LA SFERA DEI PRINCIPI TRADITA DALL’OCCIDENTE


di Roberto Esposito


 


 


   Che rapporto passa tra diritto e valore? Possono, i diritti, i  quanto prodotti storici, incarnare un valore universale, oppure sono destinati a restare in un ambito, appunto giuridico, diverso e distante da quello dell’etica e, tanto più, della teologia?


   Il diritto è interno, confinante o esterno, alla sfera della giustizia? Domande, queste, cui l’intera tradizione filosofica da sempre cerca di rispondere, senza mai pervenire a una conclusione univoca. Se la scuola giusnaturalista - nata nella prima età moderna, ma ripresa da autori anche contemporanei come Leo Strauss - ha individuato nella natura la fonte di diritti universali forniti di valore eterno, la concezione positivistica ha ricondotto la creazione del diritto alla sola legislazione statale. E tuttavia, nonostante questa profonda differenza di principio, le due linee interpretative hanno conosciuto più di un punto di intreccio e di sovrapposizione - a dimostrazione del fatto che la questione del valore permanente della norma giuridica non poteva essere risolta nel flusso del processo storico. Anzi si può dire che il diritto positivo, come ancora lo concepiamo, recepisca al suo interno – secolarizzandole - le esigenze di universalismo implicite nella tradizione giusnaturalistica.


   La Dichiarazione del 1789, estendendo a ogni cittadino i diritti politici, traduce sul piano reale i principi di libertà e uguaglianza presupposti dai teorici del diritto naturale. Successivamente, già dalla metà del XIX secolo, vengono proclamati altri diritti fondamentali indisponibili, cioè vincolanti per lo stesso Stato che li pone in essere.


   Ultima tappa di questo processo di universalizzazione giuridica è segnata dalla Dichiarazione universale dei diritti dell’uomo, formulata alla fine della seconda guerra mondiale, che assegna a ogni persona, a prezia scindere da ogni altra qualificazione, diritti non soltanto civili e politici, ma anche sociali, includendo all’interno della sfera protetta tutte le minoranze prima discriminate.
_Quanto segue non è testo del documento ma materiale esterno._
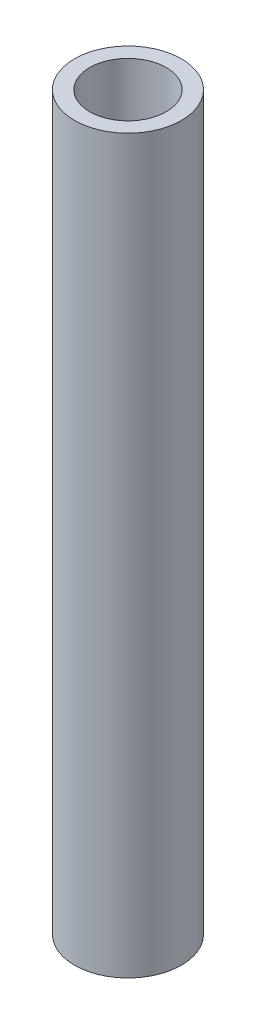
ISO-10303-21;
HEADER;
FILE_DESCRIPTION(('STEP AP214'),'2;1');
FILE_NAME('part.step','',(''),(''),'','','');
FILE_SCHEMA(('AUTOMOTIVE_DESIGN { 1 0 10303 214 1 1 1 1 }'));
ENDSEC;
DATA;
#1=APPLICATION_CONTEXT('core data for automotive mechanical design processes');
#2=APPLICATION_PROTOCOL_DEFINITION('international standard','automotive_design',2000,#1);
#3=PRODUCT_CONTEXT('',#1,'mechanical');
#4=PRODUCT('Part','Part','',(#3));
#5=PRODUCT_RELATED_PRODUCT_CATEGORY('part','',(#4));
#6=PRODUCT_DEFINITION_FORMATION('','',#4);
#7=PRODUCT_DEFINITION_CONTEXT('part definition',#1,'design');
#8=PRODUCT_DEFINITION('design','',#6,#7);
#9=PRODUCT_DEFINITION_SHAPE('','',#8);
#10=(LENGTH_UNIT() NAMED_UNIT(*) SI_UNIT(.MILLI.,.METRE.));
#11=(NAMED_UNIT(*) PLANE_ANGLE_UNIT() SI_UNIT($,.RADIAN.));
#12=(NAMED_UNIT(*) SI_UNIT($,.STERADIAN.) SOLID_ANGLE_UNIT());
#13=UNCERTAINTY_MEASURE_WITH_UNIT(LENGTH_MEASURE(1.E-05),#10,'distance_accuracy_value','');
#14=(GEOMETRIC_REPRESENTATION_CONTEXT(3) GLOBAL_UNCERTAINTY_ASSIGNED_CONTEXT((#13)) GLOBAL_UNIT_ASSIGNED_CONTEXT((#10,
#11,#12)) REPRESENTATION_CONTEXT('',''));
#15=CARTESIAN_POINT('',(0.,0.,0.));
#16=DIRECTION('',(0.,0.,1.));
#17=DIRECTION('',(1.,0.,0.));
#18=AXIS2_PLACEMENT_3D('',#15,#16,#17);
#19=CARTESIAN_POINT('',(0.,146.05,0.));
#20=DIRECTION('',(0.,1.,0.));
#21=DIRECTION('',(0.,0.,1.));
#22=AXIS2_PLACEMENT_3D('',#19,#20,#21);
#23=PLANE('',#22);
#24=CARTESIAN_POINT('',(0.,146.05,0.));
#25=DIRECTION('',(0.,1.,0.));
#26=DIRECTION('',(0.,0.,1.));
#27=AXIS2_PLACEMENT_3D('',#24,#25,#26);
#28=CIRCLE('',#27,10.668);
#29=CARTESIAN_POINT('',(0.,146.05,10.668));
#30=VERTEX_POINT('',#29);
#31=EDGE_CURVE('E10',#30,#30,#28,.T.);
#32=ORIENTED_EDGE('',*,*,#31,.T.);
#33=EDGE_LOOP('',(#32));
#34=FACE_BOUND('',#33,.T.);
#35=CARTESIAN_POINT('',(0.,146.05,0.));
#36=DIRECTION('',(0.,1.,0.));
#37=DIRECTION('',(0.,0.,1.));
#38=AXIS2_PLACEMENT_3D('',#35,#36,#37);
#39=CIRCLE('',#38,7.6454);
#40=CARTESIAN_POINT('',(0.,146.05,7.6454));
#41=VERTEX_POINT('',#40);
#42=EDGE_CURVE('E42',#41,#41,#39,.T.);
#43=ORIENTED_EDGE('',*,*,#42,.F.);
#44=EDGE_LOOP('',(#43));
#45=FACE_BOUND('',#44,.T.);
#46=ADVANCED_FACE('F31',(#34,#45),#23,.T.);
#47=CARTESIAN_POINT('',(0.,0.,0.));
#48=DIRECTION('',(0.,1.,0.));
#49=DIRECTION('',(0.,0.,1.));
#50=AXIS2_PLACEMENT_3D('',#47,#48,#49);
#51=PLANE('',#50);
#52=CARTESIAN_POINT('',(0.,0.,0.));
#53=DIRECTION('',(0.,1.,0.));
#54=DIRECTION('',(0.,0.,1.));
#55=AXIS2_PLACEMENT_3D('',#52,#53,#54);
#56=CIRCLE('',#55,10.668);
#57=CARTESIAN_POINT('',(0.,0.,10.668));
#58=VERTEX_POINT('',#57);
#59=EDGE_CURVE('E35',#58,#58,#56,.T.);
#60=ORIENTED_EDGE('',*,*,#59,.F.);
#61=EDGE_LOOP('',(#60));
#62=FACE_BOUND('',#61,.T.);
#63=CARTESIAN_POINT('',(0.,0.,0.));
#64=DIRECTION('',(0.,1.,0.));
#65=DIRECTION('',(0.,0.,1.));
#66=AXIS2_PLACEMENT_3D('',#63,#64,#65);
#67=CIRCLE('',#66,7.6454);
#68=CARTESIAN_POINT('',(0.,0.,7.6454));
#69=VERTEX_POINT('',#68);
#70=EDGE_CURVE('E44',#69,#69,#67,.T.);
#71=ORIENTED_EDGE('',*,*,#70,.T.);
#72=EDGE_LOOP('',(#71));
#73=FACE_BOUND('',#72,.T.);
#74=ADVANCED_FACE('F54',(#62,#73),#51,.F.);
#75=CARTESIAN_POINT('',(0.,146.05,0.));
#76=DIRECTION('',(0.,-1.,0.));
#77=DIRECTION('',(0.,0.,-1.));
#78=AXIS2_PLACEMENT_3D('',#75,#76,#77);
#79=CYLINDRICAL_SURFACE('',#78,10.668);
#80=ORIENTED_EDGE('',*,*,#31,.F.);
#81=EDGE_LOOP('',(#80));
#82=FACE_BOUND('',#81,.T.);
#83=ORIENTED_EDGE('',*,*,#59,.T.);
#84=EDGE_LOOP('',(#83));
#85=FACE_BOUND('',#84,.T.);
#86=ADVANCED_FACE('F33',(#82,#85),#79,.T.);
#87=CARTESIAN_POINT('',(0.,146.05,0.));
#88=DIRECTION('',(0.,-1.,0.));
#89=DIRECTION('',(0.,0.,-1.));
#90=AXIS2_PLACEMENT_3D('',#87,#88,#89);
#91=CYLINDRICAL_SURFACE('',#90,7.6454);
#92=ORIENTED_EDGE('',*,*,#42,.T.);
#93=EDGE_LOOP('',(#92));
#94=FACE_BOUND('',#93,.T.);
#95=ORIENTED_EDGE('',*,*,#70,.F.);
#96=EDGE_LOOP('',(#95));
#97=FACE_BOUND('',#96,.T.);
#98=ADVANCED_FACE('F50',(#94,#97),#91,.F.);
#99=CLOSED_SHELL('',(#46,#74,#86,#98));
#100=MANIFOLD_SOLID_BREP('B2',#99);
#101=ADVANCED_BREP_SHAPE_REPRESENTATION('',(#18,#100),#14);
#102=SHAPE_DEFINITION_REPRESENTATION(#9,#101);
ENDSEC;
END-ISO-10303-21;
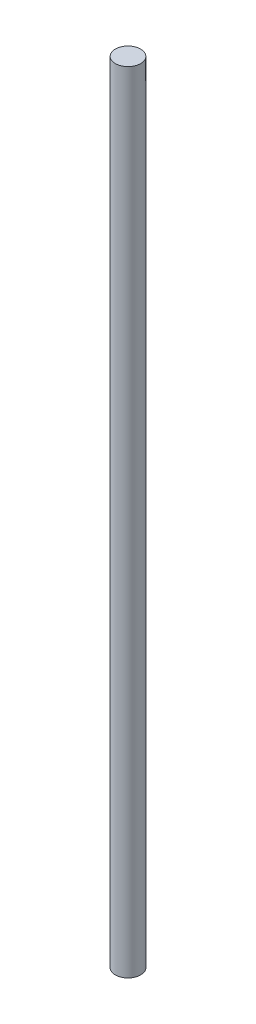
ISO-10303-21;
HEADER;
FILE_DESCRIPTION(('STEP AP214'),'2;1');
FILE_NAME('part.step','',(''),(''),'','','');
FILE_SCHEMA(('AUTOMOTIVE_DESIGN { 1 0 10303 214 1 1 1 1 }'));
ENDSEC;
DATA;
#1=APPLICATION_CONTEXT('core data for automotive mechanical design processes');
#2=APPLICATION_PROTOCOL_DEFINITION('international standard','automotive_design',2000,#1);
#3=PRODUCT_CONTEXT('',#1,'mechanical');
#4=PRODUCT('Part','Part','',(#3));
#5=PRODUCT_RELATED_PRODUCT_CATEGORY('part','',(#4));
#6=PRODUCT_DEFINITION_FORMATION('','',#4);
#7=PRODUCT_DEFINITION_CONTEXT('part definition',#1,'design');
#8=PRODUCT_DEFINITION('design','',#6,#7);
#9=PRODUCT_DEFINITION_SHAPE('','',#8);
#10=(LENGTH_UNIT() NAMED_UNIT(*) SI_UNIT(.MILLI.,.METRE.));
#11=(NAMED_UNIT(*) PLANE_ANGLE_UNIT() SI_UNIT($,.RADIAN.));
#12=(NAMED_UNIT(*) SI_UNIT($,.STERADIAN.) SOLID_ANGLE_UNIT());
#13=UNCERTAINTY_MEASURE_WITH_UNIT(LENGTH_MEASURE(1.E-05),#10,'distance_accuracy_value','');
#14=(GEOMETRIC_REPRESENTATION_CONTEXT(3) GLOBAL_UNCERTAINTY_ASSIGNED_CONTEXT((#13)) GLOBAL_UNIT_ASSIGNED_CONTEXT((#10,
#11,#12)) REPRESENTATION_CONTEXT('',''));
#15=CARTESIAN_POINT('',(0.,0.,0.));
#16=DIRECTION('',(0.,0.,1.));
#17=DIRECTION('',(1.,0.,0.));
#18=AXIS2_PLACEMENT_3D('',#15,#16,#17);
#19=CARTESIAN_POINT('',(0.,256.205882352941,0.));
#20=DIRECTION('',(0.,1.,0.));
#21=DIRECTION('',(-1.,0.,0.));
#22=AXIS2_PLACEMENT_3D('',#19,#20,#21);
#23=CYLINDRICAL_SURFACE('',#22,8.);
#24=CARTESIAN_POINT('',(0.,-243.794117647059,0.));
#25=DIRECTION('',(0.,1.,0.));
#26=DIRECTION('',(-1.,0.,0.));
#27=AXIS2_PLACEMENT_3D('',#24,#25,#26);
#28=CIRCLE('',#27,8.);
#29=CARTESIAN_POINT('',(-8.,-243.794117647059,0.));
#30=VERTEX_POINT('',#29);
#31=EDGE_CURVE('E36',#30,#30,#28,.T.);
#32=ORIENTED_EDGE('',*,*,#31,.T.);
#33=EDGE_LOOP('',(#32));
#34=FACE_BOUND('',#33,.T.);
#35=CARTESIAN_POINT('',(0.,256.205882352941,0.));
#36=DIRECTION('',(0.,1.,0.));
#37=DIRECTION('',(-1.,0.,0.));
#38=AXIS2_PLACEMENT_3D('',#35,#36,#37);
#39=CIRCLE('',#38,8.);
#40=CARTESIAN_POINT('',(-7.99999999999999,256.205882352941,0.));
#41=VERTEX_POINT('',#40);
#42=EDGE_CURVE('E10',#41,#41,#39,.T.);
#43=ORIENTED_EDGE('',*,*,#42,.F.);
#44=EDGE_LOOP('',(#43));
#45=FACE_BOUND('',#44,.T.);
#46=ADVANCED_FACE('F30',(#34,#45),#23,.T.);
#47=CARTESIAN_POINT('',(-7.99999999999999,256.205882352941,0.));
#48=DIRECTION('',(0.,-1.,0.));
#49=DIRECTION('',(1.,0.,0.));
#50=AXIS2_PLACEMENT_3D('',#47,#48,#49);
#51=PLANE('',#50);
#52=ORIENTED_EDGE('',*,*,#42,.T.);
#53=EDGE_LOOP('',(#52));
#54=FACE_BOUND('',#53,.T.);
#55=ADVANCED_FACE('F46',(#54),#51,.F.);
#56=CARTESIAN_POINT('',(0.,-243.794117647059,0.));
#57=DIRECTION('',(0.,1.,0.));
#58=DIRECTION('',(-1.,0.,0.));
#59=AXIS2_PLACEMENT_3D('',#56,#57,#58);
#60=PLANE('',#59);
#61=ORIENTED_EDGE('',*,*,#31,.F.);
#62=EDGE_LOOP('',(#61));
#63=FACE_BOUND('',#62,.T.);
#64=ADVANCED_FACE('F44',(#63),#60,.F.);
#65=CLOSED_SHELL('',(#46,#55,#64));
#66=MANIFOLD_SOLID_BREP('B2',#65);
#67=ADVANCED_BREP_SHAPE_REPRESENTATION('',(#18,#66),#14);
#68=SHAPE_DEFINITION_REPRESENTATION(#9,#67);
ENDSEC;
END-ISO-10303-21;

Il concetto, sempre più esteso e ormai accettato in tutti i paesi democratici, di “diritti umani” sembra concludere questo lungo percorso, portando il diritto positivo allo stesso obiettivo etico presupposto dal giusnaturalismo: quelle medesime prerogative che lì erano desunte da un ordine naturale non soggetto a mutamento storico appaiono adesso prodotte da una storia che ha cancellato ogni differenza pregiudiziale, di tipo etico, sessuale, religioso, tra tutti gli esseri umani. La saggezza della storia ha così eguagliato le promesse della natura. Il diritto può finalmente ambire a farsi giusti- prezia, a realizzare il più universale dei valori - quello dell’uguaglianza tra tutti gli uomini della terra.


   Questo, almeno, è il racconto autolegittimante ampiamente diffuso in tutto il mondo occidentale.  Basta uno sguardo al quadrante internazionale per accorgersi che le cose non stanno affatto così. Che il diritto umano primario - quello alla vita - è continuamente smentito da infinite morti per fame, malattia, guerra. Per non parlare di libertà e di uguaglianza.


   Da dove origina questo scarto scandaloso tra dichiarazioni e realtà, tra proclami umanitari e violenza omicida, tra ricchezze senza pudore e povertà senza fondo? La prima risposta a tale domanda fa capo alla inesistenza di un’istituzione internazionale dotata di capacità coattiva – cioè in grado di imporre attraverso la forza il rispetto dei diritti umani laddove vengano violati. Ma una contraddizione ancora più cospicua, perché interna allo stesso dispositivo giuridico moderno, risiede proprio nella astrattezza di termini come “soggetto” o “persona” - incapaci di dare forma e voce alla realtà materiale, corporea, di individui inassimilabili nella identità di uno stesso genere, irriducibili a una categoria generale.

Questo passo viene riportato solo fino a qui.